Kacper Zięba
Kacper Zięba

Reputation: 43

Taking 10 Strings with highest values from hashMap

I want to save all words from titles from a site to a file. Then I want to take 10 most frequent words and save them to the other file. So I've got saving to the file. But I've stucked on looking for those 10 words. My code is only looking for 1 most frequent word and that's it. There're for sure better ways to do that than the one I've done. I'd be really grateful if you show me some tips. I've made through the most popular topics here, but all of them are about looking for the one most frequent word.

List<String> mostRepeatedWords = new ArrayList<>();
Set<Map.Entry<String, Integer>> entrySet = wordsMap.entrySet();
int max = 0;
for (int i = 0; i < entrySet.size(); i++) {
    for (Map.Entry<String, Integer> entry : entrySet) {   //here I'm looking for the word with the highest value in the map
        if (entry.getValue() > max) {
            max = entry.getValue();
            }
     }
     for (Object o : wordsMap.keySet()) {     //here I write this word to a list
         if (wordsMap.get(o).equals(max)) {
             mostRepeatedWords.add(o.toString());
         }
    }
}

@Edit Here's how I've counted the words:

while (currentLine != null) {
    String[] words = currentLine.toLowerCase().split(" ");

    for (String word : words) {
        if (!wordsMap.containsKey(word) && word.length() > 3) {
            wordsMap.put(word, 1);
        } else if (word.length() > 3) {
            int value = wordsMap.get(word);
            value++;
            wordsMap.replace(word, value);
        }
    }
    currentLine = reader.readLine();
}

Upvotes: 0

Views: 125

Answers (3)

WJS
WJS

Reputation: 40062

Does this do it for you?

First, sort the words (i.e. keys) of the map based on the frequency of occurrence in reverse order.

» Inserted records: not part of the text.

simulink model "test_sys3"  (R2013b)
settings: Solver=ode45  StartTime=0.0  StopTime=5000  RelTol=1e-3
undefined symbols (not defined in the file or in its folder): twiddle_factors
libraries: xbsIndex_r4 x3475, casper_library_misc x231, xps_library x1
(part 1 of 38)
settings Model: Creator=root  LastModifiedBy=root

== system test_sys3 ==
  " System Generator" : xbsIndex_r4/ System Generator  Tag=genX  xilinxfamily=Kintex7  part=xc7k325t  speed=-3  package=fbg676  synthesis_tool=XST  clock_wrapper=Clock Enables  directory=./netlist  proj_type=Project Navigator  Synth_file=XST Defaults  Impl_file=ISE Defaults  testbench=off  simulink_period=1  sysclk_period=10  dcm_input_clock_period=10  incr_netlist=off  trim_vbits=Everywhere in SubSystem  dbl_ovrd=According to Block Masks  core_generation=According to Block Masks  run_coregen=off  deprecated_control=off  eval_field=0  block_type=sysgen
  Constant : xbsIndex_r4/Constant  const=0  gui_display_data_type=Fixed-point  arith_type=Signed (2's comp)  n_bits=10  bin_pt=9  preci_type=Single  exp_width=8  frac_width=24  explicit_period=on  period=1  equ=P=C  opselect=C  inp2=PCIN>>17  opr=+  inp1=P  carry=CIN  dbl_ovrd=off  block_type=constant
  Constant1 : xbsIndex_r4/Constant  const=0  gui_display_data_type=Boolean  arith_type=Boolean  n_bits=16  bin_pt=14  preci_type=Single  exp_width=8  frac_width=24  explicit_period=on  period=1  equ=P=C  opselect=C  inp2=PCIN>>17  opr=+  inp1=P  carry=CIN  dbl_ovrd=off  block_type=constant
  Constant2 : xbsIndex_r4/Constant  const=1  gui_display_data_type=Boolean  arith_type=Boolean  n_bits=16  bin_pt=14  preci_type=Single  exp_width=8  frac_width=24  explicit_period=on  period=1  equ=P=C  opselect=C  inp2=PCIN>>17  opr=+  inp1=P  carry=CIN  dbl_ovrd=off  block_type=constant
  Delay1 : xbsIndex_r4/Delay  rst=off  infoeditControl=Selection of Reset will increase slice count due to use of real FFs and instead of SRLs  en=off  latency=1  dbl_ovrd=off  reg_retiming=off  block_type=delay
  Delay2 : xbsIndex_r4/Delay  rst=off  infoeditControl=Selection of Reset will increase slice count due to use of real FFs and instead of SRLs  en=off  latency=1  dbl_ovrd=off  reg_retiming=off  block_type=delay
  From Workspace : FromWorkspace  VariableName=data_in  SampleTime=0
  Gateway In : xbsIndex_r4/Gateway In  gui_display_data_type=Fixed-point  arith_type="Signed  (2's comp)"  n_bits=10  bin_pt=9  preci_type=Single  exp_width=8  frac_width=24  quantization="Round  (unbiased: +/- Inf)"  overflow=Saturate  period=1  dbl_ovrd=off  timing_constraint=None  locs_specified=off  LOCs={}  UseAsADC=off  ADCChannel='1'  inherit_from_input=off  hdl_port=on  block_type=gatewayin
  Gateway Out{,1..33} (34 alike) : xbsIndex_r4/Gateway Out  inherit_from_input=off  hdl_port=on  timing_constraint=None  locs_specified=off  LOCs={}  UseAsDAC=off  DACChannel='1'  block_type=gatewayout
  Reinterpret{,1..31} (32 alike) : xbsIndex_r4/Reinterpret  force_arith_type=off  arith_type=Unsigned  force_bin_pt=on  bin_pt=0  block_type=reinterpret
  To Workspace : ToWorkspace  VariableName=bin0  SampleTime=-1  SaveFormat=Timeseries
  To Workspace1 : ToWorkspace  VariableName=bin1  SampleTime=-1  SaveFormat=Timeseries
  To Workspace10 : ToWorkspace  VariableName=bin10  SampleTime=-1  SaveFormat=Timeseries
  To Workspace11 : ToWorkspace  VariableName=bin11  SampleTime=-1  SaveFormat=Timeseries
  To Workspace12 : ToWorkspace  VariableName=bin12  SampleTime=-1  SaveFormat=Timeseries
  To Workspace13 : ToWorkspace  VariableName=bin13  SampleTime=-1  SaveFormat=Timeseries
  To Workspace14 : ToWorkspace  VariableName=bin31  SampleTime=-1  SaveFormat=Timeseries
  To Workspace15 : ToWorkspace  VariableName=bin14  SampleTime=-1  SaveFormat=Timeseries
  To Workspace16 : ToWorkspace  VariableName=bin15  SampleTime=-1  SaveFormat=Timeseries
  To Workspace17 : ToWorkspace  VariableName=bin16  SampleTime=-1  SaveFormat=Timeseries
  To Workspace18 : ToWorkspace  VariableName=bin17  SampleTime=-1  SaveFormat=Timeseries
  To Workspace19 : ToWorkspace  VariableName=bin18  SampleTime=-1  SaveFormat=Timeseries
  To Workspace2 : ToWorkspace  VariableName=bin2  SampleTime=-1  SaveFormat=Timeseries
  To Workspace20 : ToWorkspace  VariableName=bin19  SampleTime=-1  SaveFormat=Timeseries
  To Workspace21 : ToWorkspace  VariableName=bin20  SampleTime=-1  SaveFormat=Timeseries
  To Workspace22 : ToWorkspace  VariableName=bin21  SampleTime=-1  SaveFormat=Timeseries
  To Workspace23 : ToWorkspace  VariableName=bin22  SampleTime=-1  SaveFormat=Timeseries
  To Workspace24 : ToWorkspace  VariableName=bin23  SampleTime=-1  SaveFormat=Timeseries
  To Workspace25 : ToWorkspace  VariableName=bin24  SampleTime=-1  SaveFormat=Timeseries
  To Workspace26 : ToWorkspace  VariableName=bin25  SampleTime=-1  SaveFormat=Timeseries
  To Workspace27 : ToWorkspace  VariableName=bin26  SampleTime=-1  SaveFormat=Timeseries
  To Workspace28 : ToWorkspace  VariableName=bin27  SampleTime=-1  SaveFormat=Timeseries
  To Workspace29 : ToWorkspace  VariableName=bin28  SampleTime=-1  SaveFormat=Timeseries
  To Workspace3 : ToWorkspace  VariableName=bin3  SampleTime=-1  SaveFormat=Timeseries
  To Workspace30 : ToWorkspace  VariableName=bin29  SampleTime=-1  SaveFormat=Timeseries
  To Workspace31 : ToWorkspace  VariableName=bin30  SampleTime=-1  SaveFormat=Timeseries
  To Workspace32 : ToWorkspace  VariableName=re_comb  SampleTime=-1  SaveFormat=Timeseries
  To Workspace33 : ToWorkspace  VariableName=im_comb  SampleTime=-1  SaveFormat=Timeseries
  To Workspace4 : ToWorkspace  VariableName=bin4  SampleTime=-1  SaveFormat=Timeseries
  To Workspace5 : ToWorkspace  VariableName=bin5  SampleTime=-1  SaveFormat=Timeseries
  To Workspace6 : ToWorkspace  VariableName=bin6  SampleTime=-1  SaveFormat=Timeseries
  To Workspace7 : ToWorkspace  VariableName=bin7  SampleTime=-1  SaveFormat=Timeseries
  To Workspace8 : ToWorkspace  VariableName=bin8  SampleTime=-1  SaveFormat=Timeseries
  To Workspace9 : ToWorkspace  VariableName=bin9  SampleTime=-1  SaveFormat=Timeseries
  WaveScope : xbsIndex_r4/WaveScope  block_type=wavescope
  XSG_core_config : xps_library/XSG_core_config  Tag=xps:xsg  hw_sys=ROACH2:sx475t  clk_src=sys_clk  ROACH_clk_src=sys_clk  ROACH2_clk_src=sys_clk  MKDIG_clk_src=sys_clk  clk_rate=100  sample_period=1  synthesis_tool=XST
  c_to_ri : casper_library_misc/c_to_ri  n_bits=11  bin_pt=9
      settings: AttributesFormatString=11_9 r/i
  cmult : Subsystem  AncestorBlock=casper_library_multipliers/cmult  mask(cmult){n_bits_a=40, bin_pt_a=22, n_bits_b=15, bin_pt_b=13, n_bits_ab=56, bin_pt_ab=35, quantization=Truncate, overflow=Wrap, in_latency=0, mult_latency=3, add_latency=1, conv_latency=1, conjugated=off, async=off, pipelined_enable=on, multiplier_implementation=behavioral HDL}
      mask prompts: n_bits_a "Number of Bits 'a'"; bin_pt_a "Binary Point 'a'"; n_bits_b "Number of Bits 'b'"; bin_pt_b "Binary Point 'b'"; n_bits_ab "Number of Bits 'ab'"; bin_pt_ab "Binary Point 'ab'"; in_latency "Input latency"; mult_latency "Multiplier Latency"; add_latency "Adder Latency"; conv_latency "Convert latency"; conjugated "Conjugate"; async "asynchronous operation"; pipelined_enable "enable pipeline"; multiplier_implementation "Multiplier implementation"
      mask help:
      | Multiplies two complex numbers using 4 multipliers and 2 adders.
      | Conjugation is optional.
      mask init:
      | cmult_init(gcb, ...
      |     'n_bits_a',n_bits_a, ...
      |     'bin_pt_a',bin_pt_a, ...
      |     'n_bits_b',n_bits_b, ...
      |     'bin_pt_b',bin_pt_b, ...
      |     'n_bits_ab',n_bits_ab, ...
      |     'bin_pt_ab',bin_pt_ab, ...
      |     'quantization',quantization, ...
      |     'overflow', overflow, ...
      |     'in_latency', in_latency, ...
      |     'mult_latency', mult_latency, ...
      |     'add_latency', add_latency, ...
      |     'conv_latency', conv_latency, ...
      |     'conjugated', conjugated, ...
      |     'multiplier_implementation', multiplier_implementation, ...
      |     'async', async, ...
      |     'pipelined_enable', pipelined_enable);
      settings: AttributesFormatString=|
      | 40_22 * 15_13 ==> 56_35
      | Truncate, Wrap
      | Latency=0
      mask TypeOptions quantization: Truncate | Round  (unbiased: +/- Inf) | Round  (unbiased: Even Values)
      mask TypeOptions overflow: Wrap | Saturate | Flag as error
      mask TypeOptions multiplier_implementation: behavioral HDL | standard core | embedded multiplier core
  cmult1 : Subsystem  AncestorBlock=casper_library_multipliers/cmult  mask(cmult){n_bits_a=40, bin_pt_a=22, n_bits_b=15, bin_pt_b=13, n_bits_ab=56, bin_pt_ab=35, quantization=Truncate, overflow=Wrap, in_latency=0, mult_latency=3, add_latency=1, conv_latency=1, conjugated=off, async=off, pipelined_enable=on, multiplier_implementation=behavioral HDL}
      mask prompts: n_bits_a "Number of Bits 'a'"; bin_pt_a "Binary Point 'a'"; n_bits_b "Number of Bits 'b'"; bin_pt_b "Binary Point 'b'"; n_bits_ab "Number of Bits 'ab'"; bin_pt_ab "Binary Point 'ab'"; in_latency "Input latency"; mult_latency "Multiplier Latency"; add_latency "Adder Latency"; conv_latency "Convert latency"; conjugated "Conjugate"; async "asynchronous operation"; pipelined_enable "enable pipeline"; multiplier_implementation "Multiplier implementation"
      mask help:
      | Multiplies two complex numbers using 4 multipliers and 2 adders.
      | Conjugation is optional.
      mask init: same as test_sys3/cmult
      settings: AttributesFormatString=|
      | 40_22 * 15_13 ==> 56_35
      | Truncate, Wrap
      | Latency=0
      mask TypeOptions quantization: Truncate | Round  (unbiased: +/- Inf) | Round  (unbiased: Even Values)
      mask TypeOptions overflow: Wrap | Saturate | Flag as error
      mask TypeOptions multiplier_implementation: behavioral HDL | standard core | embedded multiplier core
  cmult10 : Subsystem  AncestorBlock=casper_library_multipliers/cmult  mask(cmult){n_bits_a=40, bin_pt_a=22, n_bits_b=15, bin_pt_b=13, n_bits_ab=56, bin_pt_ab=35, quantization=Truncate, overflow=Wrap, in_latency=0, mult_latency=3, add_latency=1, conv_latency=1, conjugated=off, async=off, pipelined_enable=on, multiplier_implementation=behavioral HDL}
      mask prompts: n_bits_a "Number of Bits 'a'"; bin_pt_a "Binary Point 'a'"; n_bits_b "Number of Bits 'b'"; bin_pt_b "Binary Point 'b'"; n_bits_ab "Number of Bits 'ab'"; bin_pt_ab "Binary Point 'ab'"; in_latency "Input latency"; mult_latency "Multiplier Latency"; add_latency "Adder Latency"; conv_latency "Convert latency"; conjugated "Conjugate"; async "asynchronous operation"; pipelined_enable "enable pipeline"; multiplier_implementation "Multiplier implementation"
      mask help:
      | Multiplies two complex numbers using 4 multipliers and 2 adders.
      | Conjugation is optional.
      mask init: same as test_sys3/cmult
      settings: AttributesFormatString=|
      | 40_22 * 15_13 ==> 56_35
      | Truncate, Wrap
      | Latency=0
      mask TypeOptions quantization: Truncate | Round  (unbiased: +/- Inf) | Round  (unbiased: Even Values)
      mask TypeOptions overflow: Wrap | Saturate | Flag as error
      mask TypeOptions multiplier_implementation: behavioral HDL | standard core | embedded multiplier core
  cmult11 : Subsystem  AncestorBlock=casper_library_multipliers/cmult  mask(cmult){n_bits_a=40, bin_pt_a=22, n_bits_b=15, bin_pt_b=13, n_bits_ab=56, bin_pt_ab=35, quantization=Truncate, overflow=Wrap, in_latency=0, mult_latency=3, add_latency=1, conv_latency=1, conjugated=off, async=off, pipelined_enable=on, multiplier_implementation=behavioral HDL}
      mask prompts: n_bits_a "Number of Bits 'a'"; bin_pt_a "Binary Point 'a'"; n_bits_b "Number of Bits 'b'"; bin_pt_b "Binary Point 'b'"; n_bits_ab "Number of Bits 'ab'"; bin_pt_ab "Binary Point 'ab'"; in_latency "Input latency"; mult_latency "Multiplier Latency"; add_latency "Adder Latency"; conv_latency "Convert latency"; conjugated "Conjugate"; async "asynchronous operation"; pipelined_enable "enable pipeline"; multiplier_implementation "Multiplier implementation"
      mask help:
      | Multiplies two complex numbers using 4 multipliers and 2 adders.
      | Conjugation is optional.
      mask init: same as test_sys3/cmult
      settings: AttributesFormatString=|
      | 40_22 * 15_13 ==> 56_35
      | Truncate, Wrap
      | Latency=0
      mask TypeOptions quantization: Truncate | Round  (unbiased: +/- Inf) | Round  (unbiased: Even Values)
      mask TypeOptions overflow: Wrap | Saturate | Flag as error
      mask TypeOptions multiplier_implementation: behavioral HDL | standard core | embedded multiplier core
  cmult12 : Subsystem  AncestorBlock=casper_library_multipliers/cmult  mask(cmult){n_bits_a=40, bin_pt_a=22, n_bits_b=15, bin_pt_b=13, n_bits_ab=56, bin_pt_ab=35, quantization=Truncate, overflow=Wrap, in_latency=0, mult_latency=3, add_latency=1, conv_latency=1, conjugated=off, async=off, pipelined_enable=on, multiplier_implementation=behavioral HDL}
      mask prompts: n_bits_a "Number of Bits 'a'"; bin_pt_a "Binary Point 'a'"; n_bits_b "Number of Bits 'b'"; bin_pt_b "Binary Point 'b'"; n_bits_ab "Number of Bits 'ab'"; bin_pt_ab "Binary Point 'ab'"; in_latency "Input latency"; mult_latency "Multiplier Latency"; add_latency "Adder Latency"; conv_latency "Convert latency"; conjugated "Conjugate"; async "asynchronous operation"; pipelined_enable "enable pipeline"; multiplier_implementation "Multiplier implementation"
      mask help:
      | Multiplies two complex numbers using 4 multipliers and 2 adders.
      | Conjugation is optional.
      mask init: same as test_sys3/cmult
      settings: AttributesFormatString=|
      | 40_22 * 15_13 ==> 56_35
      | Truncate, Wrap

List<String> words = mapOfWords.entrySet().stream()
        .sorted(Entry.comparingByValue(Comparator.reverseOrder()))
        .limit(10)
        .map(Entry::getKey)
        .collect(Collectors.toList());

Then use those keys to print the first 10 words in decreasing frequency.

for (String word : words) {
    System.out.println(word + " " + mapOfWords.get(word));
}

Another more traditional approach not using streams is the following:

Test data

Map<String, Integer> mapOfWords =
        Map.of("A", 10, "B", 3, "C", 8, "D", 9);

Create a list of map entries

List<Entry<String, Integer>> mapEntries =
        new ArrayList<>(mapOfWords.entrySet());

define a Comparator to sort the entries based on the frequency

Comparator<Entry<String, Integer>> comp = new Comparator<>() {
    @Override
    public int compare(Entry<String, Integer> e1,
            Entry<String, Integer> e2) {
            Objects.requireNonNull(e1);
            Objects.requireNonNull(e2);
        // notice e2 and e1 order is reversed to sort in descending order.
        return Integer.compare(e2.getValue(), e1.getValue());
    }
};

The above does the equivalent of the following which is defined in the Map.Entry class

Comparator<Entry<String,Integer>> comp =
   Entry.comparingByValue(Comparator.reverseOrder());

Now sort the list with either comparator.

mapEntries.sort(comp);

Now just print the list of entries. If there are more than 10 you will need to put in a limiting counter or use a mapEntries.subList(0, 10) as the target of the for loop.

for (Entry<?,?> e : mapEntries) {
     System.out.println(e);
}

Upvotes: 3

Eritrean
Eritrean

Reputation: 16498

Assuming you have already your frequency map which might look something like:

Map<String,Integer> wordsMap = Map.of( "foo", 2,
                                       "bar", 7,
                                       "baz", 5,
                                       "doo", 9,
                                       "tot", 2,
                                       "gee", 12);

You could create another map, i.e a top ten map (in my demo below top three), by sorting your map by value in reverse order and limit it to the first ten entries

Map<String,Integer> topThree = wordsMap.entrySet()
                                       .stream()
                                       .sorted(Collections.reverseOrder(Map.Entry.comparingByValue()))
                                       .limit(3)
                                       .collect(Collectors.toMap(
                                          Map.Entry::getKey, Map.Entry::getValue, (e1, e2) -> e2,LinkedHashMap::new));

System.out.println(topThree);

//{gee=12, doo=9, bar=7}

Upvotes: 0

janik
janik

Reputation: 11

You could save the most frequent word to an array and check if the next word you found already exists in that array. Then you search for the next most frequent word that does not exist in that array.